> [Aim of the exercise] Starting at the line with "#185=ORIENTED_EDGE('',*,*,#184,.T.);", repeat every line exactly until the records end, including the last one.

> [Exercise inputs]

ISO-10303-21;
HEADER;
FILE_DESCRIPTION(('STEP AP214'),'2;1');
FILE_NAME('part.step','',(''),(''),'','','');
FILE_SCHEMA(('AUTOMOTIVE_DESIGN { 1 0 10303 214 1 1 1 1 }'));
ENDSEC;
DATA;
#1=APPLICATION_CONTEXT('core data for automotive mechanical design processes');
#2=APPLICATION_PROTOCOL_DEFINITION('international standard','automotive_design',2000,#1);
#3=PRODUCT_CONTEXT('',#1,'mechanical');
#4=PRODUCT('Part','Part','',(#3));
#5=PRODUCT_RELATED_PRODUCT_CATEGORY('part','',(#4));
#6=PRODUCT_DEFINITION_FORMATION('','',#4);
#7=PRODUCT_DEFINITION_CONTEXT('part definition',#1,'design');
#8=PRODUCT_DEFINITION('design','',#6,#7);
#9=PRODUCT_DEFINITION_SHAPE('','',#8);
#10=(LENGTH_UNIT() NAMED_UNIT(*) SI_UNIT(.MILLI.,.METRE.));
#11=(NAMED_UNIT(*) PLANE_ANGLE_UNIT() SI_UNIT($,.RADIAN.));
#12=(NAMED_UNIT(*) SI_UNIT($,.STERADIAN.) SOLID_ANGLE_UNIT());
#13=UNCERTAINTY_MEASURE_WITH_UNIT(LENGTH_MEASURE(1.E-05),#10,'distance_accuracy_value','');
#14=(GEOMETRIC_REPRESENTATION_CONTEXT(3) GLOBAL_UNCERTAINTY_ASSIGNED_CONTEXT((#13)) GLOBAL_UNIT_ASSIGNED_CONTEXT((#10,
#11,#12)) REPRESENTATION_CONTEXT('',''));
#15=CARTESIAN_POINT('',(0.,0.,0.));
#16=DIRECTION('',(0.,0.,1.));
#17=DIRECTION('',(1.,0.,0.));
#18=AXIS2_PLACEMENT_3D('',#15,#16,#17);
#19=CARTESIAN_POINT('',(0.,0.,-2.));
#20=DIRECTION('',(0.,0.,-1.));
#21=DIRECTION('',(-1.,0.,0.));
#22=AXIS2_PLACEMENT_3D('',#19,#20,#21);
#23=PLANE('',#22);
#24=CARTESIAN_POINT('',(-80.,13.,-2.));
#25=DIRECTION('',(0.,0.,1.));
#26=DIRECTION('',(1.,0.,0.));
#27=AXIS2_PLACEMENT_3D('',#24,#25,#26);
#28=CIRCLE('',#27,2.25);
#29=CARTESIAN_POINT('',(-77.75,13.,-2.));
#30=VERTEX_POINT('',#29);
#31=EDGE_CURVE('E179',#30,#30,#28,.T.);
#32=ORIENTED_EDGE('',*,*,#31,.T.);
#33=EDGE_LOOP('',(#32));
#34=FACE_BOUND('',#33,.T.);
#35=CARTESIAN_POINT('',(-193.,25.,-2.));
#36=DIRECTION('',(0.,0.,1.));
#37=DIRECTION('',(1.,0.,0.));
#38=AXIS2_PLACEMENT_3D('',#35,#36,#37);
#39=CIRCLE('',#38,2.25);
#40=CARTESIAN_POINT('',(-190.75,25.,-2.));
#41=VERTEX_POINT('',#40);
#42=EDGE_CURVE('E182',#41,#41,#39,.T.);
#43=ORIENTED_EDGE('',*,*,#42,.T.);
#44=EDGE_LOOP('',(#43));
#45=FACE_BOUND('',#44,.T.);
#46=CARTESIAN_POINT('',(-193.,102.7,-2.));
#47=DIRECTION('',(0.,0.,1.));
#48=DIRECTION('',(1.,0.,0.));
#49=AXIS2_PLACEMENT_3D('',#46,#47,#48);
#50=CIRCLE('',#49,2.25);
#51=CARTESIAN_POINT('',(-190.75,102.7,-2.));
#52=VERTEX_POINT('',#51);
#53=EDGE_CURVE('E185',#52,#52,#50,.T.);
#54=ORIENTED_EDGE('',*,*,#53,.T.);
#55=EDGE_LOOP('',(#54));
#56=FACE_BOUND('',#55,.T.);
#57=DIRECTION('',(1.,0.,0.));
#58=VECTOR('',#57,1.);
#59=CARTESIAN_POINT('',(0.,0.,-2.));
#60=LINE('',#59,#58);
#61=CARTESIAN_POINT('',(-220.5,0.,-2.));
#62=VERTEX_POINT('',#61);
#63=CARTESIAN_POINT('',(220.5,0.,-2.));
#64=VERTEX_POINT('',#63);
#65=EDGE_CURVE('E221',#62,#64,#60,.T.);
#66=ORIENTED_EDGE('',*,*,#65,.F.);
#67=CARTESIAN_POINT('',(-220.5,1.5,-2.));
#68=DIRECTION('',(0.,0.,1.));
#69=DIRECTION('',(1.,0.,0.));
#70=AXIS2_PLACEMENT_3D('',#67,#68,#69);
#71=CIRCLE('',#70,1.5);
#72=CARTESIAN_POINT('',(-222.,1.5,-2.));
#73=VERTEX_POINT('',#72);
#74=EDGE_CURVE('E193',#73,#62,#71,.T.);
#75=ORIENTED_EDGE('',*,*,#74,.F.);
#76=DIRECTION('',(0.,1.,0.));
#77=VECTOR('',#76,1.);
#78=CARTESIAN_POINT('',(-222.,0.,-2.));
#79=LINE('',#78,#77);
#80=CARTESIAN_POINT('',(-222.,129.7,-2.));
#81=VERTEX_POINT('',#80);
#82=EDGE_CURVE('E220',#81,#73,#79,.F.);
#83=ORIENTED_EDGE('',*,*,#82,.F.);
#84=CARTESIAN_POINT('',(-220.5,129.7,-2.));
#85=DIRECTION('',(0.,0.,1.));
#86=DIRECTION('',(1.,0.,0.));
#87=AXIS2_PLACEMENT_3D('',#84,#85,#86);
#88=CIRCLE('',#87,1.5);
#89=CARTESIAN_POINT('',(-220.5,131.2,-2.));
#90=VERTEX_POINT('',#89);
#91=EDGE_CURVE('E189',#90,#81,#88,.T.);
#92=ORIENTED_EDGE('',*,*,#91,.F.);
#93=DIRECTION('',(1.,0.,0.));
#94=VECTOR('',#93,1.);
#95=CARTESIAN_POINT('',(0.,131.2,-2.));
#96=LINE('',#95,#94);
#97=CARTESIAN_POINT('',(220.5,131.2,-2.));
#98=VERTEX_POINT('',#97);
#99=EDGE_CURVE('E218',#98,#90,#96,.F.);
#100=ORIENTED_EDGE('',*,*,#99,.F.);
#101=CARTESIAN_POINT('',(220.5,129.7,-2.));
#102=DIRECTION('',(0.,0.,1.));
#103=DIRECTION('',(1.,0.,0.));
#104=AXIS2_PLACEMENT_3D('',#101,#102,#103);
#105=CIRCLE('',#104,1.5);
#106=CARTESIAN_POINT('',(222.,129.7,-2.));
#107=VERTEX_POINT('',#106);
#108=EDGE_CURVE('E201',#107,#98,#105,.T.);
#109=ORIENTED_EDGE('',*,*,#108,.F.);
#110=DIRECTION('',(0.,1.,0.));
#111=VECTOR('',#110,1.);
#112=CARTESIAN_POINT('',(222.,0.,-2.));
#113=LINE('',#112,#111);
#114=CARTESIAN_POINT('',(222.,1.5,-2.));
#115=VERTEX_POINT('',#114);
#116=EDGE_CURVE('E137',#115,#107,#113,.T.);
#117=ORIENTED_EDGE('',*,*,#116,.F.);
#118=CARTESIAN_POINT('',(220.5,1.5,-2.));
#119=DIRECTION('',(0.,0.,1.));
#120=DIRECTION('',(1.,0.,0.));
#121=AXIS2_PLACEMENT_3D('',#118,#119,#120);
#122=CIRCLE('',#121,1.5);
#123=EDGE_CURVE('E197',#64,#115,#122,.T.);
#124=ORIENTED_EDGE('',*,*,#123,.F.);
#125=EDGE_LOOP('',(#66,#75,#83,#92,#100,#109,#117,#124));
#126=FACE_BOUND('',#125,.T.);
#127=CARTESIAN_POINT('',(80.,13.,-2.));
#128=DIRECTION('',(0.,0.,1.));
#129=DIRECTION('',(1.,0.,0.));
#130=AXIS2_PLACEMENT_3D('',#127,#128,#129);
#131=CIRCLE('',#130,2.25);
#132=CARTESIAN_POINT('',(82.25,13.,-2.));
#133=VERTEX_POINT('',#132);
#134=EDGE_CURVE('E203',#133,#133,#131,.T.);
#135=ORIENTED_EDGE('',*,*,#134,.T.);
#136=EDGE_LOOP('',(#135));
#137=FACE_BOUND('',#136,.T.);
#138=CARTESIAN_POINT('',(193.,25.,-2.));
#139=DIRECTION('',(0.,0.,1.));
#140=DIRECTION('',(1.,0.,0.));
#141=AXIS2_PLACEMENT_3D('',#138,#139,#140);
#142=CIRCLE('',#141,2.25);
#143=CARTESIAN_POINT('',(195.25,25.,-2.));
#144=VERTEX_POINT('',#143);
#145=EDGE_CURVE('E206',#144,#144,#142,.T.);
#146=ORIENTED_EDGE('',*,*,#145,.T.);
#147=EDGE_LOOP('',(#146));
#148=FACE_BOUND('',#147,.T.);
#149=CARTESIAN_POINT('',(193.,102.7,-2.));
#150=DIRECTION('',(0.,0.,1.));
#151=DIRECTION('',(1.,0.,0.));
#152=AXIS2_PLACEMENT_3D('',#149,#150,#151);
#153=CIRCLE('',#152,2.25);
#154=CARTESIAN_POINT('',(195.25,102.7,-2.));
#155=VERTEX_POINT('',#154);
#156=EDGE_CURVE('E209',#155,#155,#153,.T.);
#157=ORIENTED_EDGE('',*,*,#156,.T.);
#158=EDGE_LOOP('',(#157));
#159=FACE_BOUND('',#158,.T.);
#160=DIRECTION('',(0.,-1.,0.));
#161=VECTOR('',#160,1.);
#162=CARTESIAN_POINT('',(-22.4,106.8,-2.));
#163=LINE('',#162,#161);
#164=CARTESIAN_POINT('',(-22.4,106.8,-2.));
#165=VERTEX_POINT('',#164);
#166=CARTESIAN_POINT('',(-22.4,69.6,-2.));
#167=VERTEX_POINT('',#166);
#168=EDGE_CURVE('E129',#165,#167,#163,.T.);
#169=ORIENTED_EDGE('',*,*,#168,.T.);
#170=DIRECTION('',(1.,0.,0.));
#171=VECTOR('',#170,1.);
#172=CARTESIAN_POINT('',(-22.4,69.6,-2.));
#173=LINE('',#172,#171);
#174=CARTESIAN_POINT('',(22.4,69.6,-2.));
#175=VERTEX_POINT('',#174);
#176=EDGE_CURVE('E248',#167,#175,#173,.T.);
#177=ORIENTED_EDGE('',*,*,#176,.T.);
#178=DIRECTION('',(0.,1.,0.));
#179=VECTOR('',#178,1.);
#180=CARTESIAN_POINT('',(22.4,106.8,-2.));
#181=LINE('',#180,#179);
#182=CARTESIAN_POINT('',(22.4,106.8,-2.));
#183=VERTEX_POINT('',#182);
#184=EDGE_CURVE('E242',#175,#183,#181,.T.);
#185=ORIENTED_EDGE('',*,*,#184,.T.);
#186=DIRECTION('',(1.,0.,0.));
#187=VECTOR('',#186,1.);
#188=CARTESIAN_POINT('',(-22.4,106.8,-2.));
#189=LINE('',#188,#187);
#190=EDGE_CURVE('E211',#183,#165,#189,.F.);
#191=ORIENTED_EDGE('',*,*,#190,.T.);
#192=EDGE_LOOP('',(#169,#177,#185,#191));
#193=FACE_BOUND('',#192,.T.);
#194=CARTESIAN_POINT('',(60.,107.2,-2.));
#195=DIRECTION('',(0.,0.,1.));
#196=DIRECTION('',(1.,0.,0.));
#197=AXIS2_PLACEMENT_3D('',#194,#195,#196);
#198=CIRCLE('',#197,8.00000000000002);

> [Written reply]
#185=ORIENTED_EDGE('',*,*,#184,.T.);
#186=DIRECTION('',(1.,0.,0.));
#187=VECTOR('',#186,1.);
#188=CARTESIAN_POINT('',(-22.4,106.8,-2.));
#189=LINE('',#188,#187);
#190=EDGE_CURVE('E211',#183,#165,#189,.F.);
#191=ORIENTED_EDGE('',*,*,#190,.T.);
#192=EDGE_LOOP('',(#169,#177,#185,#191));
#193=FACE_BOUND('',#192,.T.);
#194=CARTESIAN_POINT('',(60.,107.2,-2.));
#195=DIRECTION('',(0.,0.,1.));
#196=DIRECTION('',(1.,0.,0.));
#197=AXIS2_PLACEMENT_3D('',#194,#195,#196);
#198=CIRCLE('',#197,8.00000000000002);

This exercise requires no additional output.